Dimanche 31 mai, les habitants de Hambourg décideront si leur ville entre officiellement dans la course aux Jeux olympiques et paralympiques. Après Munich en octobre et la région Rhin-Ruhr en avril, ce référendum est le troisième du genre en Allemagne dans la perspective d’une candidature pour l’organisation des Jeux 2036, 2040 ou 2044. Les deux premiers ont été remportés haut la main. Sur le papier, Hambourg semble aussi avoir les arguments pour convaincre et obtenir la même issue.
76 % de sites existants et l’accent mis sur la durabilité
Pas de projet monumental ou déraisonnable à l’horizon : Hambourg vit avec son temps, et propose donc des Jeux avec 76 % des sites de compétition déjà existants. Les installations manquantes seront temporaires, puis réutilisées. « Les Jeux s’adapteront à la ville, et non l’inverse », promet le projet. Contrairement à 2015, quand le « non » l’avait emporté, la contribution financière de l’État fédéral est aussi garantie. « Si Hambourg ne saisit pas cette opportunité, les investissements seront alloués à l’une des autres régions candidates », lit-on, comme un avertissement, sur le site de la candidature.
Vingt des 33 sites de compétition prévus sont situés directement dans la ville de Hambourg, dont 17 dans un rayon de sept kilomètres autour de la Cité du Parc Olympique. De quoi faciliter l’accès aux sites, même à pied, et favoriser les mobilités douces. Un argument particulièrement audible en matière de durabilité. Les athlètes en bénéficieront aussi : 21 des 23 sports du programme auront lieu dans un rayon de 10 kilomètres autour du village olympique et 40% des athlètes pourront rejoindre leur site de compétition en moins de 15 minutes à pied. Une piste cyclable olympique et une ligne de bus dédiée au transport des athlètes et des visiteurs sont envisagées.
« Présenter une candidature qui corresponde à Hambourg »
Environ 15.000 athlètes et officiels devraient séjourner dans la Cité des sciences, actuellement en construction à Bahrenfeld, pendant les Jeux. Les appartements, de différentes tailles, pourront ensuite être transformés en logements pour environ 9.000 Hambourgeois, dont plus de 56 % seront des logements sociaux.

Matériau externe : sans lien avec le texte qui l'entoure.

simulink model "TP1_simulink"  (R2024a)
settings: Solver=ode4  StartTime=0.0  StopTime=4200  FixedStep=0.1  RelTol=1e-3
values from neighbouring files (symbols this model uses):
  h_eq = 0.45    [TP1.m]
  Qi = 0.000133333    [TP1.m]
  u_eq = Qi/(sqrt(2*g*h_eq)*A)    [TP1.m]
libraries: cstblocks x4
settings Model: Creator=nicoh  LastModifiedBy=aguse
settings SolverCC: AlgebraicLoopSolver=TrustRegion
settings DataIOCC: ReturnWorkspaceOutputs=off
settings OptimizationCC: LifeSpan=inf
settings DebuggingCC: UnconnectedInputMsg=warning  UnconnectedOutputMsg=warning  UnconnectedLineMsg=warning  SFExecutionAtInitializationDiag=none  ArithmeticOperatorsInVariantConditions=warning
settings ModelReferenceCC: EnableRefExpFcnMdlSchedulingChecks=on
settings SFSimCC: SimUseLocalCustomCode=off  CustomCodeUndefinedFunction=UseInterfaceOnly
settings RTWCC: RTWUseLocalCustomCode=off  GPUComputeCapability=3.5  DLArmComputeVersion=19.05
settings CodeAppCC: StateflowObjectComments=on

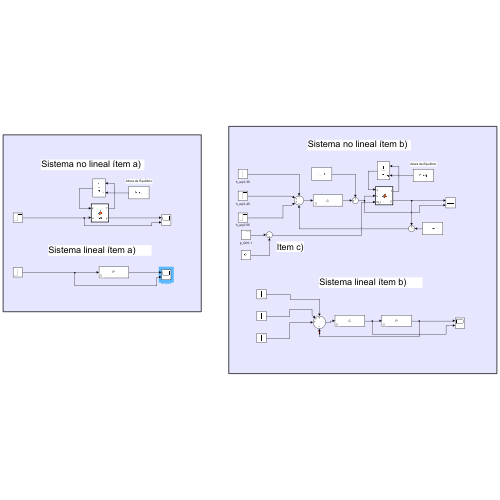
[thumbnail: Simulink's stored preview of the top-level diagram]
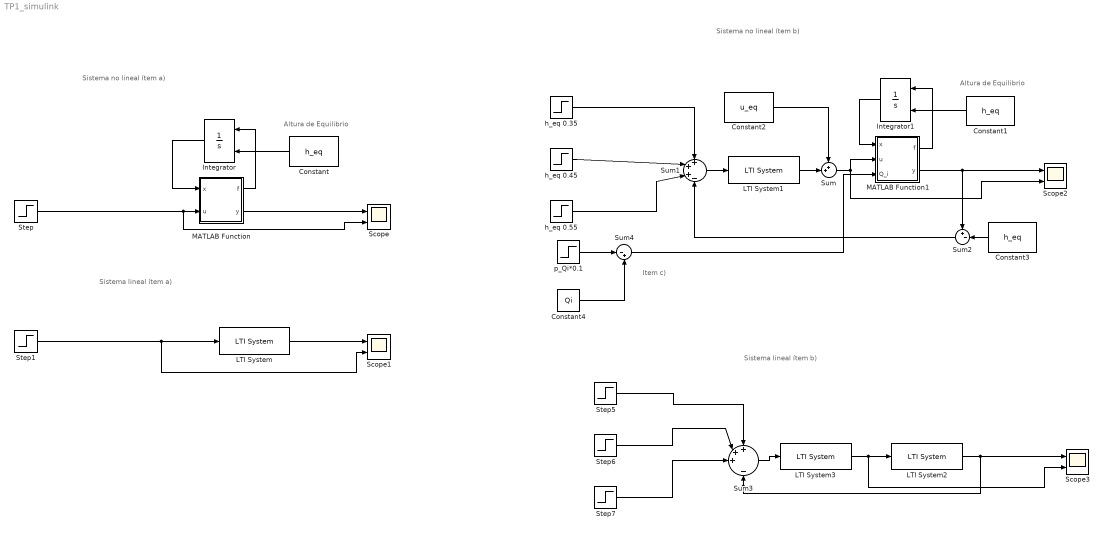
== system TP1_simulink ==
  note: Item c)
  note: Sistema no lineal ítem a)
  note: Altura de Equilibrio
  note: Sistema lineal ítem a)
  note: Altura de Equilibrio
  note: Sistema no lineal ítem b)
  note: Sistema lineal ítem b)
  Constant : Constant  Value=h_eq
  Constant1 : Constant  Value=h_eq
  Constant2 : Constant  Value=u_eq
  Constant3 : Constant  Value=h_eq
  Constant4 : Constant  Value=Qi
  Integrator : Integrator  InitialConditionSource=external
  Integrator1 : Integrator  InitialConditionSource=external
  LTI System : cstblocks/LTI System  sys=P  IC=[]  PadeOrder=0
  LTI System1 : cstblocks/LTI System  sys=C  IC=[]  PadeOrder=0
  LTI System2 : cstblocks/LTI System  sys=P  IC=[]  PadeOrder=0
  LTI System3 : cstblocks/LTI System  sys=C  IC=[]  PadeOrder=0
  MATLAB Function : MATLAB Function  TreatAsAtomicUnit=on
  MATLAB Function1 : MATLAB Function  TreatAsAtomicUnit=on
  Scope{,1..3} (4 alike) : Scope  NumInputPorts=2
  Step : Step  Time=120  Before=u_eq  After=1.1*u_eq  SampleTime=0
  Step1 : Step  Time=120  Before=u_eq  After=1.1*u_eq  SampleTime=0
  Step5 : Step  Time=60  After=-0.1  SampleTime=0
  Step6 : Step  Time=1200  After=0.1  SampleTime=0
  Step7 : Step  Time=2400  After=0.1  SampleTime=0
  Sum : Sum  Inputs=++|
  Sum1 : Sum  Inputs=+++-
  Sum2 : Sum  Inputs=+-|
  Sum3 : Sum  Inputs=+++|-
  Sum4 : Sum  Inputs=|-+
  h_eq 0.35 : Step  Time=60  After=-0.1  SampleTime=0
  h_eq 0.45 : Step  Time=1200  After=0.1  SampleTime=0
  h_eq 0.55 : Step  Time=2400  After=0.1  SampleTime=0
  p_Qi*0.1 : Step  Time=3500  After=0.1*Qi  SampleTime=0
  wires:
  Integrator/1 -> MATLAB Function/1(x)
  MATLAB Function/1(f) -> Integrator/1
  Constant/1 -> Integrator/2
  MATLAB Function/2(y) -> Scope/1
  Step/1 -> Scope/2, MATLAB Function/2(u)
  Step1/1 -> Scope1/2, LTI System/1
  Integrator1/1 -> MATLAB Function1/1(x)
  h_eq 0.35/1 -> Sum1/1
  MATLAB Function1/1(f) -> Integrator1/1
  MATLAB Function1/2(y) -> Scope2/1, Sum2/1
  Constant1/1 -> Integrator1/2
  LTI System1/1 -> Sum/2
  Sum/1 -> Scope2/2, MATLAB Function1/2(u)
  Constant2/1 -> Sum/1
  Sum1/1 -> LTI System1/1
  Constant3/1 -> Sum2/2
  Sum2/1 -> Sum1/4
  h_eq 0.45/1 -> Sum1/2
  h_eq 0.55/1 -> Sum1/3
  LTI System2/1 -> Sum3/4, Scope3/1
  LTI System3/1 -> Scope3/2, LTI System2/1
  Step7/1 -> Sum3/3
  Step5/1 -> Sum3/1
  Step6/1 -> Sum3/2
  Sum3/1 -> LTI System3/1
  Sum4/1 -> MATLAB Function1/3(Q_i)
  p_Qi*0.1/1 -> Sum4/1
  Constant4/1 -> Sum4/2
  LTI System/1 -> Scope1/1

== matlab function TP1_simulink/MATLAB Function1 ==
  data: x input; u input; f output; y output; Q_i input
function [f,y] = fcn(x,u,Q_i)
%Qi=0.000133333;
d=10.65e-3;
l_inf=10e-2;
l_sup=40e-2;
L=0.9;
g=9.8;
A=(pi/4)*d.^2;

f1=(Q_i-sqrt(2*g*x(1))*u*A)/(l_inf^2+2*l_inf*(l_sup-l_inf)*x(1)+(l_sup-l_inf)^2/L*x(1));
f=[f1];

y=x(1);

== matlab function TP1_simulink/MATLAB Function ==
  data: x input; u input; f output; y output
function [f,y] = fcn(x,u)
Qi=0.000133333;
d=10.65e-3;
l_inf=10e-2;
l_sup=40e-2;
L=0.9;
g=9.8;
A=(pi/4)*d.^2;

f1=(Qi-sqrt(2*g*x(1))*u*A)/(l_inf^2+2*l_inf*(l_sup-l_inf)*x(1)+(l_sup-l_inf)^2/L*x(1));
f=[f1];

y=x(1);

Hambourg imagine une cérémonie d’ouverture spectaculaire sur le lac Alster intérieur. Des pontons y seront installés, ce qui permettra aussi au lac d’accueillir des épreuves comme le basket 3×3, le tir à l’arc et… le padel. Hambourg aimerait le proposer comme sport additionnel, ainsi que le stand-up paddle, pour suivre les suggestions de la population lors d’un sondage en ligne mené en novembre dernier.

Aperçu de la cérémonie d’ouverture sur le lac Alster (Neuland Concerts).
La voile, le rugby et le handball se dérouleraient à Kiel, le canoë-kayak slalom à Markkleeberg (déjà doté d’un stade d’eaux vives), et le football mobiliserait Brême, Hanovre, Wolfsburg, Rostock, Magdebourg ou encore Dresde. Le projet a évolué, montrant que les responsables restaient à l’écoute : suite aux critiques des groupes environnementaux, le VTT n’aurait pas lieu dans les collines de Harburg, mais à Hummelsbüttel.
Steffen Rülke, chef de la candidature de Hambourg, a insisté sur l’importance d’associer la population à ce processus : « Nous voulons présenter une candidature qui corresponde à Hambourg. C’est pourquoi il est si important pour nous d’écouter les Hambourgeois. Ce sont eux qui savent le mieux à quoi devraient ressembler les Jeux et ce qui conviendrait le mieux à notre ville. Les Jeux doivent profiter au plus grand nombre, bien au-delà des épreuves elles-mêmes. » Depuis novembre, des ateliers, des conférences et des tables rondes ont été organisés dans différents quartiers de la ville pour que le public puisse échanger et poser des questions sur le projet. Plus de 165 idées proposées par les citoyens ont été intégrées au projet.